Data to examine below:
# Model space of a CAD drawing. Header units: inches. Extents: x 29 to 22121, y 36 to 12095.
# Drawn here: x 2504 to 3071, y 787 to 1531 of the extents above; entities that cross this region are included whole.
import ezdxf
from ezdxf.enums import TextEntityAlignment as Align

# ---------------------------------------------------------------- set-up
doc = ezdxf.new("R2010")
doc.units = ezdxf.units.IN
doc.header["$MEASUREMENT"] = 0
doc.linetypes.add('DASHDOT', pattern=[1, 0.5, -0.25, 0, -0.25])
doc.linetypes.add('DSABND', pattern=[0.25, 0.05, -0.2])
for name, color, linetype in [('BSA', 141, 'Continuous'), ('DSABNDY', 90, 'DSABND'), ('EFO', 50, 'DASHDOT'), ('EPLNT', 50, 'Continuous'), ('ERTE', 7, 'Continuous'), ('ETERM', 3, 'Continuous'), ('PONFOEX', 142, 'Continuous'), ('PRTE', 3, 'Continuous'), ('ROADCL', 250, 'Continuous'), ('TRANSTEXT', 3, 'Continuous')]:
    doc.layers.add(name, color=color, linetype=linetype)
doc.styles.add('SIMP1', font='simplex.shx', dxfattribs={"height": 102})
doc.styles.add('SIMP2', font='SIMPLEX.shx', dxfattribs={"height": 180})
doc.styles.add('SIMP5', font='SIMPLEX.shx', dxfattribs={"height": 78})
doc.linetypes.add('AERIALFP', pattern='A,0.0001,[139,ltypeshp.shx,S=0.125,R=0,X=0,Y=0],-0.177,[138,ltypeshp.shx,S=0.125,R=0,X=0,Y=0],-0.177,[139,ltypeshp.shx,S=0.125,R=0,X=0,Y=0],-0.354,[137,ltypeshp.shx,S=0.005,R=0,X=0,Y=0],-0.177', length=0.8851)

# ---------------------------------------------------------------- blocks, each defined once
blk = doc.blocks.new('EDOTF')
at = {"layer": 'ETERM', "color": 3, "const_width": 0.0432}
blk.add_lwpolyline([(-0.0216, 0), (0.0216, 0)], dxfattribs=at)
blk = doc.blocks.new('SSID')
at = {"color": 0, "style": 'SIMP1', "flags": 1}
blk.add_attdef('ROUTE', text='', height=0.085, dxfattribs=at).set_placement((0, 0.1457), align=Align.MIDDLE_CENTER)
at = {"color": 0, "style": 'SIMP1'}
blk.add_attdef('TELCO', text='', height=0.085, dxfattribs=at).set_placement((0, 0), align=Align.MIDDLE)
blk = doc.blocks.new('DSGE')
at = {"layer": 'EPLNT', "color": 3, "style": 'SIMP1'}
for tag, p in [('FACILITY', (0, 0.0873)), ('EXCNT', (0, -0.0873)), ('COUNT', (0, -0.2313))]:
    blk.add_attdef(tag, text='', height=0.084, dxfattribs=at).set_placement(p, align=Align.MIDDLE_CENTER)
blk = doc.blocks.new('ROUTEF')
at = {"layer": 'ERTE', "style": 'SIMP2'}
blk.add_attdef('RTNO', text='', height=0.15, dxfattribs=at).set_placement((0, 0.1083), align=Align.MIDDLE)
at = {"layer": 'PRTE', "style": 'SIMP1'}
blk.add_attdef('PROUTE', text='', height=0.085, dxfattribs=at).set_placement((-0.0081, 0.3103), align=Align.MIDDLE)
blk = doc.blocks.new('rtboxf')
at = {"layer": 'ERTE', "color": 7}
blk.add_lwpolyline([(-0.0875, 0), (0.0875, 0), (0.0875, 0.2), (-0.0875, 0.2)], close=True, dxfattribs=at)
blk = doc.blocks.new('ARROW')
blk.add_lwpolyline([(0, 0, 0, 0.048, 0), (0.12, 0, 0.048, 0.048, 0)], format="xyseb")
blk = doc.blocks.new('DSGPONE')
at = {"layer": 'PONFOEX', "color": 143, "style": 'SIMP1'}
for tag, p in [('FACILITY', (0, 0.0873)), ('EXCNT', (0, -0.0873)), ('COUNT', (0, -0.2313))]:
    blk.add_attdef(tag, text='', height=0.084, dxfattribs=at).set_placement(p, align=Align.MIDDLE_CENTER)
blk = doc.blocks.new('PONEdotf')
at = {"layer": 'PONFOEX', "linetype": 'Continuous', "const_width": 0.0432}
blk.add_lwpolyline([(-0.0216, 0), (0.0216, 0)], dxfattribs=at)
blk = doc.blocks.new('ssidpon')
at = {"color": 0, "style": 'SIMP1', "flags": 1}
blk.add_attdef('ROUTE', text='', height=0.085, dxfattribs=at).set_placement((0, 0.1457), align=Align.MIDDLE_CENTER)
End of Data to examine.
- [Exercise instructions]
For the listing above, print only the lines starting at the line containing "doc.units = ezdxf.units.IN" and ending at the line containing "doc.layers.add(name, color=color, linetype=linetype)", exactly, both included.

- [Solution for this exercise]
doc.units = ezdxf.units.IN
doc.header["$MEASUREMENT"] = 0
doc.linetypes.add('DASHDOT', pattern=[1, 0.5, -0.25, 0, -0.25])
doc.linetypes.add('DSABND', pattern=[0.25, 0.05, -0.2])
for name, color, linetype in [('BSA', 141, 'Continuous'), ('DSABNDY', 90, 'DSABND'), ('EFO', 50, 'DASHDOT'), ('EPLNT', 50, 'Continuous'), ('ERTE', 7, 'Continuous'), ('ETERM', 3, 'Continuous'), ('PONFOEX', 142, 'Continuous'), ('PRTE', 3, 'Continuous'), ('ROADCL', 250, 'Continuous'), ('TRANSTEXT', 3, 'Continuous')]:
    doc.layers.add(name, color=color, linetype=linetype)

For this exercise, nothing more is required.